И в самый разгар торжества и общения встает некая дама, урожденная израильтянка, которая там родилась. Она сказала: «Я никогда не была в России, но у меня много русских друзей. Мне так у вас нравится, так у вас здорово, вы такие молодцы, вы сказали столько прекрасных тостов, я поняла, что Россия намного лучше и интереснее, чем вообще я могла предполагать ранее. Но вы практически сказали все, что я хотела сказать вам. Но у меня просится тост за Бен-Гуриона, которого я очень люблю и очень уважаю, давайте выпьем за него». Это был, наверное, самый оригинальный, самый необычный тост, за который я когда-либо поднимал рюмку, потому что до этого я, честно говоря, мало что знал о Бен-Гурионе и относился к нему абсолютно абстрактно и индифферентно. После этого пришлось почитать и ознакомиться. Действительно, этот персонаж израильской истории вызывает большое уважение. Но и как бы некий эпилог к этой истории: это самый оригинальный и познавательный тост, который мне когда-либо приходилось поднимать.

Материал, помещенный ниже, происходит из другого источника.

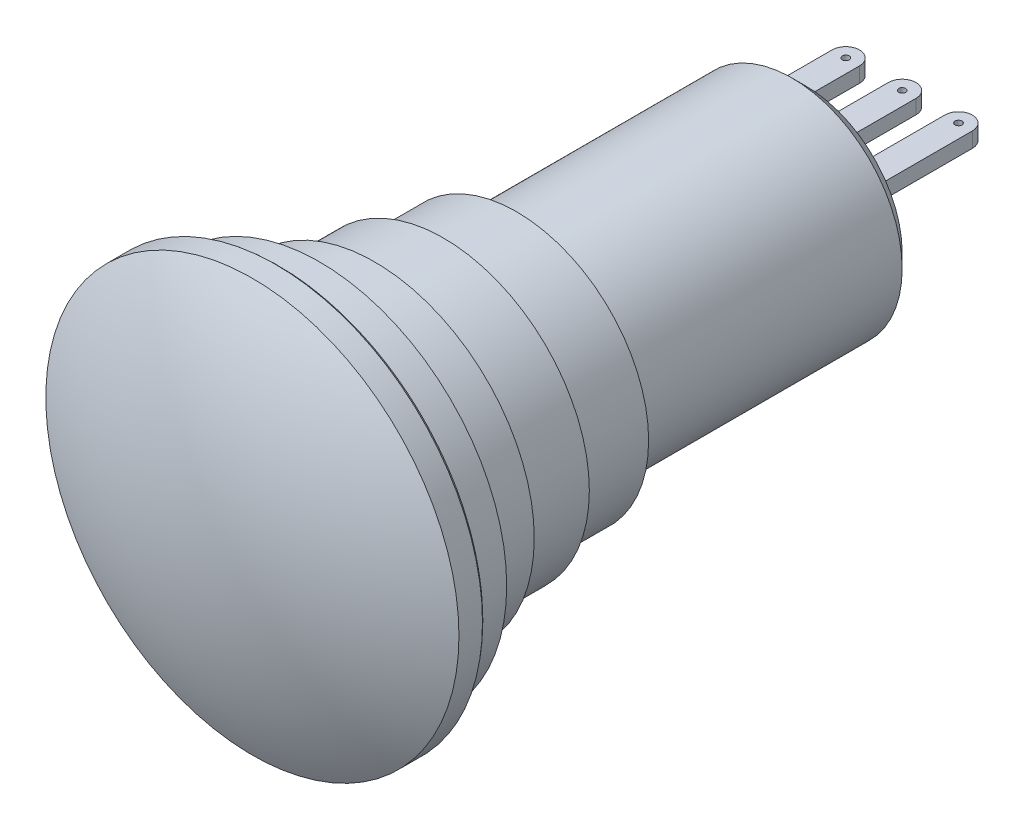
ISO-10303-21;
HEADER;
FILE_DESCRIPTION(('STEP AP214'),'2;1');
FILE_NAME('part.step','',(''),(''),'','','');
FILE_SCHEMA(('AUTOMOTIVE_DESIGN { 1 0 10303 214 1 1 1 1 }'));
ENDSEC;
DATA;
#1=APPLICATION_CONTEXT('core data for automotive mechanical design processes');
#2=APPLICATION_PROTOCOL_DEFINITION('international standard','automotive_design',2000,#1);
#3=PRODUCT_CONTEXT('',#1,'mechanical');
#4=PRODUCT('Part','Part','',(#3));
#5=PRODUCT_RELATED_PRODUCT_CATEGORY('part','',(#4));
#6=PRODUCT_DEFINITION_FORMATION('','',#4);
#7=PRODUCT_DEFINITION_CONTEXT('part definition',#1,'design');
#8=PRODUCT_DEFINITION('design','',#6,#7);
#9=PRODUCT_DEFINITION_SHAPE('','',#8);
#10=(LENGTH_UNIT() NAMED_UNIT(*) SI_UNIT(.MILLI.,.METRE.));
#11=(NAMED_UNIT(*) PLANE_ANGLE_UNIT() SI_UNIT($,.RADIAN.));
#12=(NAMED_UNIT(*) SI_UNIT($,.STERADIAN.) SOLID_ANGLE_UNIT());
#13=UNCERTAINTY_MEASURE_WITH_UNIT(LENGTH_MEASURE(1.E-05),#10,'distance_accuracy_value','');
#14=(GEOMETRIC_REPRESENTATION_CONTEXT(3) GLOBAL_UNCERTAINTY_ASSIGNED_CONTEXT((#13)) GLOBAL_UNIT_ASSIGNED_CONTEXT((#10,
#11,#12)) REPRESENTATION_CONTEXT('',''));
#15=CARTESIAN_POINT('',(0.,0.,0.));
#16=DIRECTION('',(0.,0.,1.));
#17=DIRECTION('',(1.,0.,0.));
#18=AXIS2_PLACEMENT_3D('',#15,#16,#17);
#19=CARTESIAN_POINT('',(0.,5.18367058079445,-39.5));
#20=DIRECTION('',(0.,-1.,0.));
#21=DIRECTION('',(1.,0.,0.));
#22=AXIS2_PLACEMENT_3D('',#19,#20,#21);
#23=CYLINDRICAL_SURFACE('',#22,0.25);
#24=CARTESIAN_POINT('',(0.,3.21505442393994,-39.5));
#25=DIRECTION('',(0.,1.,0.));
#26=DIRECTION('',(-1.,0.,0.));
#27=AXIS2_PLACEMENT_3D('',#24,#25,#26);
#28=CIRCLE('',#27,0.25);
#29=CARTESIAN_POINT('',(-0.24999999999999,3.21505442393994,-39.5));
#30=VERTEX_POINT('',#29);
#31=EDGE_CURVE('E352',#30,#30,#28,.F.);
#32=ORIENTED_EDGE('',*,*,#31,.F.);
#33=EDGE_LOOP('',(#32));
#34=FACE_BOUND('',#33,.T.);
#35=CARTESIAN_POINT('',(0.,2.17665175285374,-39.5));
#36=DIRECTION('',(0.,-1.,0.));
#37=DIRECTION('',(1.,0.,0.));
#38=AXIS2_PLACEMENT_3D('',#35,#36,#37);
#39=CIRCLE('',#38,0.25);
#40=CARTESIAN_POINT('',(0.25000000000001,2.17665175285374,-39.5));
#41=VERTEX_POINT('',#40);
#42=EDGE_CURVE('E11',#41,#41,#39,.T.);
#43=ORIENTED_EDGE('',*,*,#42,.T.);
#44=EDGE_LOOP('',(#43));
#45=FACE_BOUND('',#44,.T.);
#46=ADVANCED_FACE('F18',(#34,#45),#23,.F.);
#47=CARTESIAN_POINT('',(0.,2.17665175285374,-40.5));
#48=DIRECTION('',(0.,-1.,0.));
#49=DIRECTION('',(1.,0.,0.));
#50=AXIS2_PLACEMENT_3D('',#47,#48,#49);
#51=PLANE('',#50);
#52=ORIENTED_EDGE('',*,*,#42,.F.);
#53=EDGE_LOOP('',(#52));
#54=FACE_BOUND('',#53,.T.);
#55=CARTESIAN_POINT('',(0.,2.17665175285374,-39.5));
#56=DIRECTION('',(0.,-1.,0.));
#57=DIRECTION('',(1.,0.,0.));
#58=AXIS2_PLACEMENT_3D('',#55,#56,#57);
#59=CIRCLE('',#58,1.);
#60=CARTESIAN_POINT('',(-1.,2.17665175285374,-39.5));
#61=VERTEX_POINT('',#60);
#62=CARTESIAN_POINT('',(1.,2.17665175285374,-39.5));
#63=VERTEX_POINT('',#62);
#64=EDGE_CURVE('E421',#61,#63,#59,.T.);
#65=ORIENTED_EDGE('',*,*,#64,.T.);
#66=DIRECTION('',(0.,0.,1.));
#67=VECTOR('',#66,1.);
#68=CARTESIAN_POINT('',(1.,2.17665175285374,-40.5));
#69=LINE('',#68,#67);
#70=CARTESIAN_POINT('',(1.,2.17665175285374,-32.5));
#71=VERTEX_POINT('',#70);
#72=EDGE_CURVE('E157',#63,#71,#69,.T.);
#73=ORIENTED_EDGE('',*,*,#72,.T.);
#74=DIRECTION('',(1.,0.,0.));
#75=VECTOR('',#74,1.);
#76=CARTESIAN_POINT('',(0.,2.17665175285374,-32.5));
#77=LINE('',#76,#75);
#78=CARTESIAN_POINT('',(-1.,2.17665175285374,-32.5));
#79=VERTEX_POINT('',#78);
#80=EDGE_CURVE('E124',#79,#71,#77,.T.);
#81=ORIENTED_EDGE('',*,*,#80,.F.);
#82=DIRECTION('',(0.,0.,1.));
#83=VECTOR('',#82,1.);
#84=CARTESIAN_POINT('',(-1.,2.17665175285374,-40.5));
#85=LINE('',#84,#83);
#86=EDGE_CURVE('E148',#61,#79,#85,.T.);
#87=ORIENTED_EDGE('',*,*,#86,.F.);
#88=EDGE_LOOP('',(#65,#73,#81,#87));
#89=FACE_BOUND('',#88,.T.);
#90=ADVANCED_FACE('F229',(#54,#89),#51,.T.);
#91=CARTESIAN_POINT('',(-1.,3.21505442393994,-40.5));
#92=DIRECTION('',(0.,1.,0.));
#93=DIRECTION('',(-1.,0.,0.));
#94=AXIS2_PLACEMENT_3D('',#91,#92,#93);
#95=PLANE('',#94);
#96=ORIENTED_EDGE('',*,*,#31,.T.);
#97=EDGE_LOOP('',(#96));
#98=FACE_BOUND('',#97,.T.);
#99=DIRECTION('',(0.,0.,1.));
#100=VECTOR('',#99,1.);
#101=CARTESIAN_POINT('',(1.,3.21505442393994,-40.5));
#102=LINE('',#101,#100);
#103=CARTESIAN_POINT('',(1.,3.21505442393994,-39.5));
#104=VERTEX_POINT('',#103);
#105=CARTESIAN_POINT('',(1.,3.21505442393994,-32.5));
#106=VERTEX_POINT('',#105);
#107=EDGE_CURVE('E153',#104,#106,#102,.T.);
#108=ORIENTED_EDGE('',*,*,#107,.F.);
#109=CARTESIAN_POINT('',(0.,3.21505442393994,-39.5));
#110=DIRECTION('',(0.,1.,0.));
#111=DIRECTION('',(-1.,0.,0.));
#112=AXIS2_PLACEMENT_3D('',#109,#110,#111);
#113=CIRCLE('',#112,1.);
#114=CARTESIAN_POINT('',(-1.,3.21505442393994,-39.5));
#115=VERTEX_POINT('',#114);
#116=EDGE_CURVE('E399',#104,#115,#113,.T.);
#117=ORIENTED_EDGE('',*,*,#116,.T.);
#118=DIRECTION('',(0.,0.,1.));
#119=VECTOR('',#118,1.);
#120=CARTESIAN_POINT('',(-1.,3.21505442393994,-40.5));
#121=LINE('',#120,#119);
#122=CARTESIAN_POINT('',(-1.,3.21505442393994,-32.5));
#123=VERTEX_POINT('',#122);
#124=EDGE_CURVE('E85',#115,#123,#121,.T.);
#125=ORIENTED_EDGE('',*,*,#124,.T.);
#126=DIRECTION('',(-1.,0.,0.));
#127=VECTOR('',#126,1.);
#128=CARTESIAN_POINT('',(-1.,3.21505442393994,-32.5));
#129=LINE('',#128,#127);
#130=EDGE_CURVE('E140',#106,#123,#129,.T.);
#131=ORIENTED_EDGE('',*,*,#130,.F.);
#132=EDGE_LOOP('',(#108,#117,#125,#131));
#133=FACE_BOUND('',#132,.T.);
#134=ADVANCED_FACE('F234',(#98,#133),#95,.T.);
#135=CARTESIAN_POINT('',(-1.,2.17665175285374,-40.5));
#136=DIRECTION('',(-1.,0.,0.));
#137=DIRECTION('',(0.,-1.,0.));
#138=AXIS2_PLACEMENT_3D('',#135,#136,#137);
#139=PLANE('',#138);
#140=ORIENTED_EDGE('',*,*,#124,.F.);
#141=DIRECTION('',(0.,-1.,0.));
#142=VECTOR('',#141,1.);
#143=CARTESIAN_POINT('',(-1.,4.05264489286049,-39.5));
#144=LINE('',#143,#142);
#145=EDGE_CURVE('E36',#115,#61,#144,.T.);
#146=ORIENTED_EDGE('',*,*,#145,.T.);
#147=ORIENTED_EDGE('',*,*,#86,.T.);
#148=DIRECTION('',(0.,-1.,0.));
#149=VECTOR('',#148,1.);
#150=CARTESIAN_POINT('',(-1.,2.17665175285374,-32.5));
#151=LINE('',#150,#149);
#152=EDGE_CURVE('E144',#123,#79,#151,.T.);
#153=ORIENTED_EDGE('',*,*,#152,.F.);
#154=EDGE_LOOP('',(#140,#146,#147,#153));
#155=FACE_BOUND('',#154,.T.);
#156=ADVANCED_FACE('F272',(#155),#139,.T.);
#157=CARTESIAN_POINT('',(3.09398500474836,2.11505442393994,-40.5));
#158=DIRECTION('',(0.,-1.,0.));
#159=DIRECTION('',(1.,0.,0.));
#160=AXIS2_PLACEMENT_3D('',#157,#158,#159);
#161=PLANE('',#160);
#162=CARTESIAN_POINT('',(4.09398500474836,2.11505442393994,-39.5));
#163=DIRECTION('',(0.,1.,0.));
#164=DIRECTION('',(-1.,0.,0.));
#165=AXIS2_PLACEMENT_3D('',#162,#163,#164);
#166=CIRCLE('',#165,0.25);
#167=CARTESIAN_POINT('',(3.84398500474836,2.11505442393994,-39.5));
#168=VERTEX_POINT('',#167);
#169=EDGE_CURVE('E351',#168,#168,#166,.T.);
#170=ORIENTED_EDGE('',*,*,#169,.T.);
#171=EDGE_LOOP('',(#170));
#172=FACE_BOUND('',#171,.T.);
#173=DIRECTION('',(0.,0.,1.));
#174=VECTOR('',#173,1.);
#175=CARTESIAN_POINT('',(3.09398500474836,2.11505442393994,-40.5));
#176=LINE('',#175,#174);
#177=CARTESIAN_POINT('',(3.09398500474836,2.11505442393994,-39.5));
#178=VERTEX_POINT('',#177);
#179=CARTESIAN_POINT('',(3.09398500474836,2.11505442393994,-32.5));
#180=VERTEX_POINT('',#179);
#181=EDGE_CURVE('E361',#178,#180,#176,.T.);
#182=ORIENTED_EDGE('',*,*,#181,.F.);
#183=CARTESIAN_POINT('',(4.09398500474836,2.11505442393994,-39.5));
#184=DIRECTION('',(0.,1.,0.));
#185=DIRECTION('',(-1.,0.,0.));
#186=AXIS2_PLACEMENT_3D('',#183,#184,#185);
#187=CIRCLE('',#186,1.);
#188=CARTESIAN_POINT('',(5.09398500474836,2.11505442393994,-39.5));
#189=VERTEX_POINT('',#188);
#190=EDGE_CURVE('E350',#189,#178,#187,.T.);
#191=ORIENTED_EDGE('',*,*,#190,.F.);
#192=DIRECTION('',(0.,0.,1.));
#193=VECTOR('',#192,1.);
#194=CARTESIAN_POINT('',(5.09398500474836,2.11505442393994,-40.5));
#195=LINE('',#194,#193);
#196=CARTESIAN_POINT('',(5.09398500474836,2.11505442393994,-32.5));
#197=VERTEX_POINT('',#196);
#198=EDGE_CURVE('E370',#189,#197,#195,.T.);
#199=ORIENTED_EDGE('',*,*,#198,.T.);
#200=DIRECTION('',(1.,0.,0.));
#201=VECTOR('',#200,1.);
#202=CARTESIAN_POINT('',(3.09398500474836,2.11505442393994,-32.5));
#203=LINE('',#202,#201);
#204=EDGE_CURVE('E117',#180,#197,#203,.T.);
#205=ORIENTED_EDGE('',*,*,#204,.F.);
#206=EDGE_LOOP('',(#182,#191,#199,#205));
#207=FACE_BOUND('',#206,.T.);
#208=ADVANCED_FACE('F20',(#172,#207),#161,.T.);
#209=CARTESIAN_POINT('',(5.09398500474836,3.21505442393994,-40.5));
#210=DIRECTION('',(0.,1.,0.));
#211=DIRECTION('',(-1.,0.,0.));
#212=AXIS2_PLACEMENT_3D('',#209,#210,#211);
#213=PLANE('',#212);
#214=CARTESIAN_POINT('',(4.09398500474836,3.21505442393994,-39.5));
#215=DIRECTION('',(0.,1.,0.));
#216=DIRECTION('',(-1.,0.,0.));
#217=AXIS2_PLACEMENT_3D('',#214,#215,#216);
#218=CIRCLE('',#217,0.25);
#219=CARTESIAN_POINT('',(3.84398500474836,3.21505442393994,-39.5));
#220=VERTEX_POINT('',#219);
#221=EDGE_CURVE('E346',#220,#220,#218,.F.);
#222=ORIENTED_EDGE('',*,*,#221,.T.);
#223=EDGE_LOOP('',(#222));
#224=FACE_BOUND('',#223,.T.);
#225=CARTESIAN_POINT('',(4.09398500474836,3.21505442393994,-39.5));
#226=DIRECTION('',(0.,1.,0.));
#227=DIRECTION('',(-1.,0.,0.));
#228=AXIS2_PLACEMENT_3D('',#225,#226,#227);
#229=CIRCLE('',#228,1.);
#230=CARTESIAN_POINT('',(3.09398500474836,3.21505442393994,-39.5));
#231=VERTEX_POINT('',#230);
#232=CARTESIAN_POINT('',(5.09398500474836,3.21505442393994,-39.5));
#233=VERTEX_POINT('',#232);
#234=EDGE_CURVE('E381',#231,#233,#229,.F.);
#235=ORIENTED_EDGE('',*,*,#234,.F.);
#236=DIRECTION('',(0.,0.,1.));
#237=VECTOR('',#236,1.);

Советы юным студенткам младших курсов
Барышня, собираясь в незнакомую компанию, должна на аварийный случай брать с собой не столько презерватив, сколько деньги на такси, чтобы презерватив не понадобился.
Стаканчик из-под сметаны…
Москва в дикие 90-е годы. Каширское шоссе. Гостиница онкоцентра, очень удобная, куда пускать нас стали после 1988 года. Около станции метро традиционная куча ларьков самого экзотического вида. И интересный товар, который наблюдался, может быть, полтора-два года и только в Москве, – это очень низкосортная водка, которая продавалась в пластмассовых баночках, в которых сейчас продают творог и сметану, с фольгой, заклеенной сверху. Тогда среди нас, молодых врачей, которые по разным делам приезжали в онкоцентр, ночевали там, она пользовалась определенной популярностью. Было очень удобно встретить товарища у метро, зайти, съесть беляш и выпить вот эту гадость из пластмассовой баночки. Потом, к счастью, все это исчезло. Но о том напитке, упаковке вспоминают многие из нас, кто учился, работал и работает сейчас в онкологии. Кстати, многие из моих товарищей, «собаночников» по этим пластмассовым стаканчикам, стали докторами наук, профессорами, очень уважаемыми специалистами-онкологами. Это не помешало нам развиваться, повзрослеть и не потерять голову.
Предки
Очень популярное рассуждение, о чем бы я поговорил со своими дедами, со своими предками. Вот у меня часто возникала мысль, действительно, о чем? В эпоху, когда были родовые поместья, много поколений жило в одном месте, общие с предками поля, дом, еще что-то, может быть, и был интерес. Сейчас, честно говоря, при всем моем уважении к предкам и к своей семье, наверное, встретившись с прадедом, тем более с прапрадедом, общих тем едва ли бы у нас нашлось сколько-нибудь много. Но подумайте сами, совершенно другая эпоха, совершенно другая жизнь. И по сути, нас мало что связывает. Одни мои прадеды жили в Каслях, работали на Каслинском заводе, занимали одни из первых мест, были руководителями подразделений. Прапрадед ездил даже в Париж на Экспо, где представлялась продукция завода. В семье имеется романтическая история. Где-то на каслинском кладбище есть могила Терентия Волегова. Дальше я предков, увы, не знаю. Это середина XIX века. Данила Терентьич, будучи очень состоятельным человеком, раздал детям свое имущество (дом, магазин, еще кое-что было), а моему прадеду, который был самым младшим, Ивану Даниловичу, оставил колоду для изготовления моделей, дубовую, большую, чем младшего сына очень обидел. И через некоторое время, когда сгоряча мой прадед решил расколоть это наследство, колоду он расколол, но колода оказалась прапрадедовой копилкой, и там оказалась очень крупная сумма в золоте. Но вскоре грянула революция. Правда, прадед успел построить очень хороший дом, магазин, которые до сих пор стоят в Каслях и известны людям. Пришла революция. У прадеда хватило ума при реквизиции сдать все золото государству, и это семью спасло. Мой дед пошел служить в Красную армию и воевал в Средней Азии в районе Кушки, участвовал в разгроме банд Ага-хана, то есть практически то же самое, что потом происходило с нашими сверстниками в Афганистане.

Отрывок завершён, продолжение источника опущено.